═══ Data section ═══

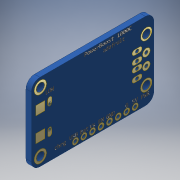
# Autodesk Inventor part: PlacaSuperboost1000C
Saved by Autodesk Inventor 2018 (Build 220112000, 112)
## iProperties
Created: 2018-01-30
Part Number: PlacaSuperboost1000C
Material: Genérico
Document SubType Name: Modeling
Designer: RafaX
Density: 1 g/cm^3
Appearance: Valor por defecto
Author: RafaX
Autodesk Inventor part; units mm, degrees
(part 1 of 2)
ref_plane "YZ Plane" through (0, 0, 0) normal (1, 0, 0) x (0, 1, 0)
ref_plane "XZ Plane" through (0, 0, 0) normal (0, 1, 0) x (-1, 0, 0)
ref_plane "PlanoCurre" through (0, 0, 0) normal (0, -1, 0) x (1, 0, 0)
sketch "FOTO_PLANO" plane through (0, 0, 0) normal (0, -1, 0) x (1, 0, 0)
  line L0 (-28.5613, 4.3764) -> (30.0496, 4.3764)
  line L1 (30.0496, 4.3764) -> (30.0496, -40.7266)
  line L2 (30.0496, -40.7266) -> (-28.5613, -40.7266)
  line L3 (-28.5613, -40.7266) -> (-28.5613, 4.3764)
  point P0 (0, 0)
  constraints: 2 other
sketch "BocetoPCB" plane through (0, 0, 0) normal (0, -1, 0) x (1, 0, 0)
  line L0 (-20.36, 0) -> (-2.5, 0)
  line L1 (0, -2.5) -> (0, -33.7)
  line L2 (-2.5, -36.2) -> (-20.36, -36.2)
  line L3 (-22.86, -33.7) -> (-22.86, -2.5)
  arc A0 (-20.36, 0) -> (-22.86, -2.5) centre (-20.36, -2.5) ccw
  arc A1 (0, -2.5) -> (-2.5, 0) centre (-2.5, -2.5) ccw
  arc A2 (-2.5, -36.2) -> (0, -33.7) centre (-2.5, -33.7) ccw
  arc A3 (-22.86, -33.7) -> (-20.36, -36.2) centre (-20.36, -33.7) ccw
  point P0 (-22.86, 0)
  point P1 (0, -36.2)
  point P2 (0, 0)
  point P3 (-20.255, -2.6419)
  point P4 (-2.605, -2.6419)
  point P5 (-0.0135, -33.9591)
  point P6 (-18.2509, -33.9512)
  point P7 (-5.1628, -33.9437)
  constraints: 9 point on circle, 8 end point, 8 tangent, 6 point on line, 4 centre point, 2 equal radius, 2 parallel, 1 horizontal, 1 perpendicular
extrude "board" add sketch "BocetoPCB" along normal blind 1.588
hole "Agujeros" at (-20.255, 0, -2.6419) at (-2.605, 0, -2.6419) at (-18.2509, 0, -33.9512) at (-5.1628, 0, -33.9437) direction (0, -1, 0) diameter 2.4 end through all
sketch "Boceto4" plane through (0, 0, 0) normal (0, 1, 0) x (1, 0, 0)
  circle A0 centre (-2.6033, 2.6414) radius 1.7995
  circle A1 centre (-2.6033, 2.6414) radius 1.2026
  circle A2 centre (-20.2425, 2.6414) radius 1.2088
  circle A3 centre (-20.2425, 2.6414) radius 1.8114
  circle A4 centre (-1.259, 13.0031) radius 0.4663
  circle A5 centre (-1.259, 13.0031) radius 0.9026
  circle A6 centre (-1.259, 15.5106) radius 0.4663
  circle A7 centre (-1.259, 15.5106) radius 0.9026
  circle A8 centre (-1.259, 18.0275) radius 0.4663
  circle A9 centre (-1.259, 18.0275) radius 0.9026
  circle A10 centre (-1.259, 20.5673) radius 0.4663
  circle A11 centre (-1.259, 20.5673) radius 0.9026
  circle A12 centre (-1.259, 23.0791) radius 0.4663
  circle A13 centre (-1.259, 23.0791) radius 0.9026
  circle A14 centre (-1.259, 25.6387) radius 0.4663
  circle A15 centre (-1.259, 25.6387) radius 0.9026
  circle A16 centre (-1.259, 28.1385) radius 0.4663
  circle A17 centre (-1.259, 28.1385) radius 0.9026
  circle A18 centre (-1.259, 30.6623) radius 0.4663
  circle A19 centre (-1.259, 30.6623) radius 0.9026
  circle A20 centre (-18.2509, 33.9512) radius 1.2 projected
  circle A21 centre (-18.2509, 33.9512) radius 1.2
  circle A22 centre (-18.2509, 33.9512) radius 1.6562
  circle A23 centre (-5.1628, 33.9437) radius 1.2 projected
  circle A24 centre (-5.1628, 33.9437) radius 1.2
  circle A25 centre (-5.1628, 33.9437) radius 1.6796
  circle A26 centre (-8.2006, 31.2204) radius 0.476
  line L0 (-8.2006, 29.7597) -> (-8.2006, 32.6808) construction
  line L1 (-7.4792, 30.4811) -> (-7.4792, 31.9594)
  line L2 (-8.9221, 31.9594) -> (-8.9221, 30.4811)
  arc A27 (-8.9221, 30.4811) -> (-7.4792, 30.4811) centre (-8.2006, 30.4811) ccw
  arc A28 (-7.4792, 31.9594) -> (-8.9221, 31.9594) centre (-8.2006, 31.9594) ccw
  circle A29 centre (-10.7403, 31.2204) radius 0.476
  line L3 (-10.0189, 30.4811) -> (-10.0189, 31.9594)
  line L4 (-11.4617, 31.9594) -> (-11.4617, 30.4811)
  arc A30 (-11.4617, 30.4811) -> (-10.0189, 30.4811) centre (-10.7403, 30.4811) ccw
  arc A31 (-10.0189, 31.9594) -> (-11.4617, 31.9594) centre (-10.7403, 31.9594) ccw
  circle A32 centre (-12.6758, 31.2204) radius 0.476
  line L5 (-11.9544, 30.4811) -> (-11.9544, 31.9594)
  line L6 (-13.3972, 31.9594) -> (-13.3972, 30.4811)
  arc A33 (-13.3972, 30.4811) -> (-11.9544, 30.4811) centre (-12.6758, 30.4811) ccw
  arc A34 (-11.9544, 31.9594) -> (-13.3972, 31.9594) centre (-12.6758, 31.9594) ccw
  circle A35 centre (-15.2037, 31.2204) radius 0.476
  line L7 (-14.4823, 30.4811) -> (-14.4823, 31.9594)
  line L8 (-15.9251, 31.9594) -> (-15.9251, 30.4811)
  arc A36 (-15.9251, 30.4811) -> (-14.4823, 30.4811) centre (-15.2037, 30.4811) ccw
  arc A37 (-14.4823, 31.9594) -> (-15.9251, 31.9594) centre (-15.2037, 31.9594) ccw
  line L9 (-16.2221, 1.3283) -> (-13.5843, 1.3283)
  line L10 (-13.5843, 1.3283) -> (-13.5843, 3.9523)
  line L11 (-13.5843, 3.9523) -> (-16.2221, 3.9523)
  line L12 (-16.2221, 3.9523) -> (-16.2221, 1.3283)
  line L13 (-9.0492, 1.3283) -> (-6.4567, 1.3283)
  line L14 (-6.4567, 1.3283) -> (-6.4567, 3.9523)
  line L15 (-6.4567, 3.9523) -> (-9.0492, 3.9523)
  line L16 (-9.0492, 3.9523) -> (-9.0492, 1.3283)
  line L17 (-16.4659, 5.4151) -> (-14.0753, 5.4151) construction
  line L18 (-15.8504, 4.7996) -> (-14.6908, 4.7996)
  line L19 (-14.6908, 6.0305) -> (-15.8504, 6.0305)
  arc A38 (-15.8504, 6.0305) -> (-15.8504, 4.7996) centre (-15.8504, 5.4151) ccw
  arc A39 (-14.6908, 4.7996) -> (-14.6908, 6.0305) centre (-14.6908, 5.4151) ccw
  circle A40 centre (-14.6284, 5.4151) radius 0.2973
  line L20 (-8.7027, 5.4177) -> (-6.2957, 5.4177) construction
  line L21 (-8.1043, 4.8193) -> (-6.8941, 4.8193)
  line L22 (-6.8941, 6.0161) -> (-8.1043, 6.0161)
  arc A41 (-8.1043, 6.0161) -> (-8.1043, 4.8193) centre (-8.1043, 5.4177) ccw
  arc A42 (-6.8941, 4.8193) -> (-6.8941, 6.0161) centre (-6.8941, 5.4177) ccw
  circle A43 centre (-8.1673, 5.4177) radius 0.2995
  circle A44 centre (-3.4049, 35.326) radius 0.1393
  circle A45 centre (-3.4049, 35.326) radius 0.4359
  circle A46 centre (-10.0649, 33.9437) radius 0.4442
  circle A47 centre (-10.0649, 33.9437) radius 1.1154
  circle A48 centre (-13.5064, 33.9548) radius 0.4442
  circle A49 centre (-13.5064, 33.9548) radius 1.1154
  line L23 (0, 33.7) -> (0, 2.5) projected
  circle A50 centre (-18.2509, 33.9512) radius 1.2 projected
  circle A51 centre (-20.255, 2.6419) radius 1.2 projected
  circle A52 centre (-2.605, 2.6419) radius 1.2 projected
  circle A53 centre (-5.1628, 33.9437) radius 1.2 projected
  line L24 (0, 2.5) -> (0, 33.7) projected
  arc A54 (0, 33.7) -> (-2.5, 36.2) centre (-2.5, 33.7) ccw projected
  line L25 (-2.5, 36.2) -> (-20.36, 36.2) projected
  arc A55 (-20.36, 36.2) -> (-22.86, 33.7) centre (-20.36, 33.7) ccw projected
  line L26 (-22.86, 33.7) -> (-22.86, 2.5) projected
  arc A56 (-22.86, 2.5) -> (-20.36, 0) centre (-20.36, 2.5) ccw projected
  line L27 (-20.36, 0) -> (-2.5, 0) projected
  arc A57 (-2.5, 0) -> (0, 2.5) centre (-2.5, 2.5) ccw projected
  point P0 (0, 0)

═══

> [Exercise prompt] Up to and including the line containing "line L1 (30.0496, 4.3764)", repeat every line from the start of the data, but none of the pictures.

> [Problem solution]
# Autodesk Inventor part: PlacaSuperboost1000C
Saved by Autodesk Inventor 2018 (Build 220112000, 112)
## iProperties
Created: 2018-01-30
Part Number: PlacaSuperboost1000C
Material: Genérico
Document SubType Name: Modeling
Designer: RafaX
Density: 1 g/cm^3
Appearance: Valor por defecto
Author: RafaX
Autodesk Inventor part; units mm, degrees
(part 1 of 2)
ref_plane "YZ Plane" through (0, 0, 0) normal (1, 0, 0) x (0, 1, 0)
ref_plane "XZ Plane" through (0, 0, 0) normal (0, 1, 0) x (-1, 0, 0)
ref_plane "PlanoCurre" through (0, 0, 0) normal (0, -1, 0) x (1, 0, 0)
sketch "FOTO_PLANO" plane through (0, 0, 0) normal (0, -1, 0) x (1, 0, 0)
  line L0 (-28.5613, 4.3764) -> (30.0496, 4.3764)
  line L1 (30.0496, 4.3764) -> (30.0496, -40.7266)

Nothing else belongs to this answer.